* _Extracted data entries_:
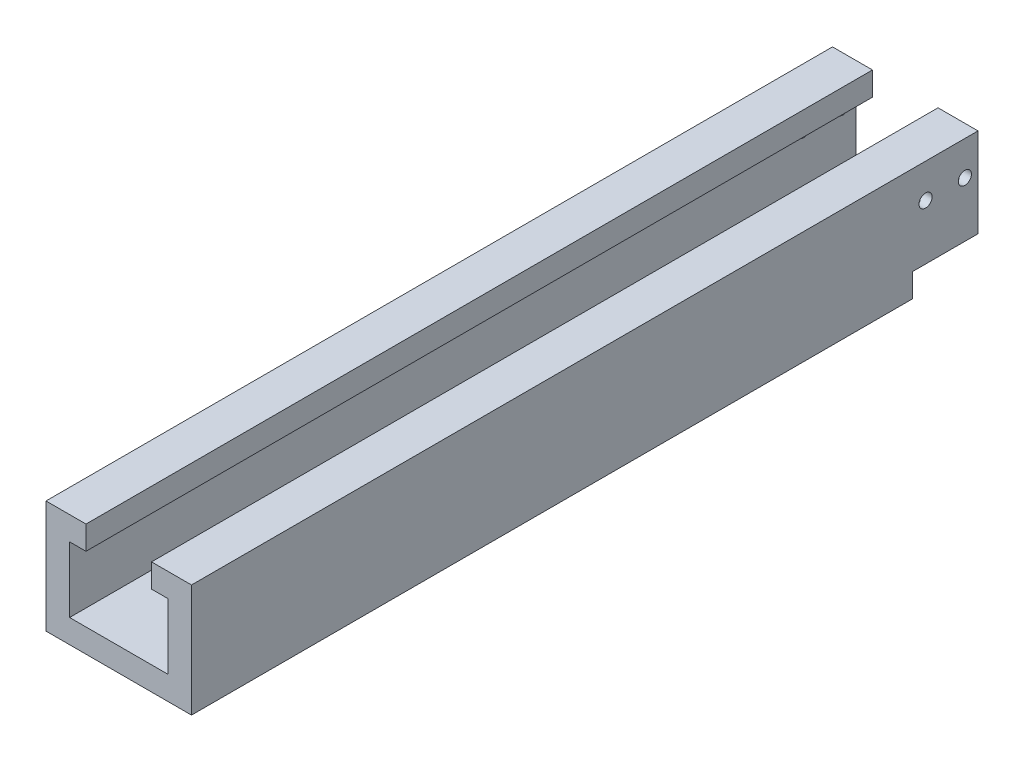
SolidWorks part; units mm, degrees
material "Beech"
ref_plane "Front Plane" through (0, 0, 0) normal (0, 0, 1) x (1, 0, 0)
ref_plane "Top Plane" through (0, 0, 0) normal (0, 1, 0) x (1, 0, 0)
ref_plane "Right Plane" through (0, 0, 0) normal (1, 0, 0) x (0, 0, -1)
sketch "Sketch1" plane through (0, 0, 0) normal (0, 0, 1) x (1, 0, 0)
  line L1 (0, 0) -> (111, 0)
  line L2 (0, 0) -> (0, 18)
  line L3 (0, 18) -> (111, 18)
  line L4 (111, 0) -> (111, 18)
  dimension "D1" = 18
  dimension "D2" = 111
extrude "baseplate" add sketch "Sketch1" along normal blind 600
sketch "Sketch2" plane through (0, 18, 0) normal (0, 1, 0) x (1, 0, 0)
  line L0 (111, -600) -> (0, -600) construction
  line L1 (0, 0) -> (18, 0)
  line L2 (0, 0) -> (0, -600)
  line L3 (0, -600) -> (18, -600)
  line L4 (18, 0) -> (18, -600)
  dimension "D1" = 18
extrude "side_rail" add sketch "Sketch2" along normal blind 50
sketch "Sketch3" plane through (0, 68, 0) normal (0, 1, 0) x (1, 0, 0)
  line L0 (111, -600) -> (18, -600) construction
  line L1 (0, 0) -> (30.5, 0)
  line L2 (0, 0) -> (0, -600)
  line L3 (0, -600) -> (30.5, -600)
  line L4 (30.5, 0) -> (30.5, -600)
  dimension "D1" = 30.5
extrude "keeper rail" add sketch "Sketch3" along normal blind 18
ref_plane "longitudinal midplane" through (55.5, 0, 0) normal (-1, 0, 0) x (0, 0, 1)
mirror "mirror rails" about plane through (55.5, 0, 0) normal (-1, 0, 0) of "keeper rail", "side_rail"
sketch "Sketch5" plane through (0, 0, 0) normal (0, -1, 0) x (1, 0, 0)
  line L0 (111, 600) -> (111, 0) construction
  line L1 (0, 0) -> (111, 0)
  line L2 (0, 0) -> (0, 50)
  line L3 (0, 50) -> (111, 50)
  line L4 (111, 0) -> (111, 50)
  dimension "D1" = 50
extrude "lap joint cutout" cut sketch "Sketch5" against normal blind 18
hole_wizard "lap joint bolt hole pattern" positions "Sketch7" profile "Sketch9" hole size "M6" standard "ANSI Metric"
sketch "Sketch7" plane through (0, 18, 0) normal (0, -1, 0) x (-1, 0, 0)
  line L1 (-102, -10) -> (-9, -10)
  line L2 (-102, -10) -> (-102, -40)
  line L3 (-102, -40) -> (-9, -40)
  line L4 (-9, -10) -> (-9, -40)
  line L5 (-102, 0) -> (-102, -10)
  line L6 (-93, 0) -> (-111, 0) construction
  line L8 (-9, -10) -> (-9, 0)
  line L9 (0, 0) -> (-18, 0) construction
  line L10 (-9, -25) -> (0, -25)
  line L11 (0, -50) -> (0, 0) construction
  point P1 (-102, -10)
  point P2 (-9, -40)
  point P113 (-102, -40)
  point P114 (-9, -10)
sketch "Sketch9" plane through (102, 18, 10) normal (1, 0, 0) x (0, 0, -1)
  line L0 (0, 0) -> (0, 58.9828)
  line L1 (0, 58.9828) -> (3.3, 57)
  line L2 (3.3, 57) -> (3.3, 0)
  line L5 (3.3, 0) -> (0, 0)
  line L10 (0, 58.9828) -> (-3.3, 57) construction
  line L11 (0, -6.35) -> (0, 107.95) construction
  dimension "Hole Dia." = 6.6
  dimension "Hole Depth" = 57
  dimension "Drill Angle" = 118
hole_wizard "fixed bearing block bolt clearance holes" positions "Sketch10" profile "Sketch11" hole size "M6" standard "ANSI Metric" end condition through all
sketch "Sketch10" plane through (0, 18, 0) normal (0, 1, 0) x (1, 0, 0)
  line L0 (37.5, -535) -> (73.5, -535)
  line L2 (55.5, -535) -> (55.5, -600)
  line L3 (93, -600) -> (18, -600) construction
  point P0 (37.5, -535)
  point P2 (73.5, -535)
  dimension "D1" = 36
  dimension "D2" = 65
sketch "Sketch11" plane through (37.5, 18, 535) normal (1, 0, 0) x (0, 0, 1)
  line L0 (0, 0) -> (0, 18)
  line L1 (0, 18) -> (3.3, 18)
  line L2 (3.3, 18) -> (3.3, 0)
  line L5 (3.3, 0) -> (0, 0)
  line L11 (0, -6.35) -> (0, 107.95) construction
  dimension "Thru Hole Dia." = 6.6
  dimension "Thru Hole Depth" = 18
ref_axis "bottom foot bolt hole axis" through (102, 81.8786, 10) along (0, -1, 0)
ref_axis "top foot bolt hole axis" through (102, 75, 40) along (0, -1, 0)
hole_wizard "cross dowel bolt clearance holes" positions "Sketch14" profile "Sketch15" hole size "Ø10.0" standard "ANSI Metric" end condition through all
sketch "Sketch14" plane through (111, 0, 0) normal (1, 0, 0) x (0, 0, -1)
  line L0 (-40, 75) -> (-40, 18) construction
  line L1 (-10, 81.8786) -> (-10, 18) construction
  line L2 (-40, 60) -> (-10, 60)
  line L4 (-36.7, 75) -> (-43.3, 75) construction
  line L5 (-6.7, 75) -> (-13.3, 75) construction
  line L6 (-36.7, 75) -> (-43.3, 75)
  line L7 (-6.7, 75) -> (-13.3, 75)
  point P0 (-40, 60)
  point P4 (-10, 60)
  dimension "D1" = 15
sketch "Sketch15" plane through (111, 60, 40) normal (0, 1, 0) x (0, 0, -1)
  line L0 (0, 0) -> (0, 111)
  line L1 (0, 111) -> (5, 111)
  line L2 (5, 111) -> (5, 0)
  line L5 (5, 0) -> (0, 0)
  line L11 (0, -6.35) -> (0, 107.95) construction
  dimension "Thru Hole Dia." = 10
  dimension "Thru Hole Depth" = 111
equation "\"board_thickness\" = 18mm"
equation "\"way_width\"= 75mm"
equation "\"way_thickness\"= 50mm"
equation "\"radial_clearance\"= 0.1mm"
equation "\"slider_width\"= \"way_width\"-2* \"radial_clearance\" - 2*0.65"
equation "\"slider_thickness\" = \"way_thickness\" - 2 * \"radial_clearance\""
equation "\"column_width\"= \"way_width\" + 2 * \"board_thickness\""
equation "\"D1@Sketch1\"=\"board_thickness\""
equation "\"D2@Sketch1\"=\"column_width\""
equation "\"D1@Sketch2\"=\"board_thickness\""
equation "\"D1@keeper rail\"=\"board_thickness\""
equation "\"boxway_slot_width\" = 50mm"
equation "\"keeper_rail_width\" = (\"column_width\" - \"boxway_slot_width\")/2"
equation "\"D1@Sketch3\"=\"keeper_rail_width\""
equation "\"slider_length\" = 125mm"
equation "\"nut_diameter\"= 22mm"
equation "\"nut_length\"= 15mm"
equation "\"leadscrew_diameter\"= 10mm"
equation "\"leadscrew_radial_clearance\"= 1mm"
equation "\"bearing_bolt_pattern_width\" = 30mm"
equation "\"bearing_bolt_pattern_height\" = 75mm"
equation "\"desktop_bolt_pattern_width\" = 30mm"
equation "\"desktop_bolt_pattern_height\" = 30mm"
equation "\"bearing_bolt_nut_counterbore_diameter\" = 12mm"
equation "\"bearing_bolt_nut_counterbore_depth\"= 10mm"
equation "\"desktop_depth\"= 500mm"
equation "\"desktop_width\"= 650mm"
equation "\"desktop_thickness\"= 18mm"
equation "\"leg_height\"=100mm"
equation "\"leg_width\"=18mm"
equation "\"leg_length\"=500mm"
equation "\"D1@lap joint cutout\" = \"leg_width\""
equation "\"lap_joint_height\" = 50mm"
equation "\"lap_dowel_diameter\"= 8mm"
equation "\"lap_dowel_hole_z_spacing\"=30"
equation "\"D1@Sketch5\"=\"lap_joint_height\""
equation "\"D1@Sketch7\"=\"lap_dowel_hole_z_spacing\""

* _WHAT YOU SHOULD DO_:
Set down exactly the lines of the data above, beginning with the line that has "line L1 (0, 58.9828) -> (3.3, 57)" and ending with the line that has "point P0 (37.5, -535)", and no others.

* _SOLUTION_:
  line L1 (0, 58.9828) -> (3.3, 57)
  line L2 (3.3, 57) -> (3.3, 0)
  line L5 (3.3, 0) -> (0, 0)
  line L10 (0, 58.9828) -> (-3.3, 57) construction
  line L11 (0, -6.35) -> (0, 107.95) construction
  dimension "Hole Dia." = 6.6
  dimension "Hole Depth" = 57
  dimension "Drill Angle" = 118
hole_wizard "fixed bearing block bolt clearance holes" positions "Sketch10" profile "Sketch11" hole size "M6" standard "ANSI Metric" end condition through all
sketch "Sketch10" plane through (0, 18, 0) normal (0, 1, 0) x (1, 0, 0)
  line L0 (37.5, -535) -> (73.5, -535)
  line L2 (55.5, -535) -> (55.5, -600)
  line L3 (93, -600) -> (18, -600) construction
  point P0 (37.5, -535)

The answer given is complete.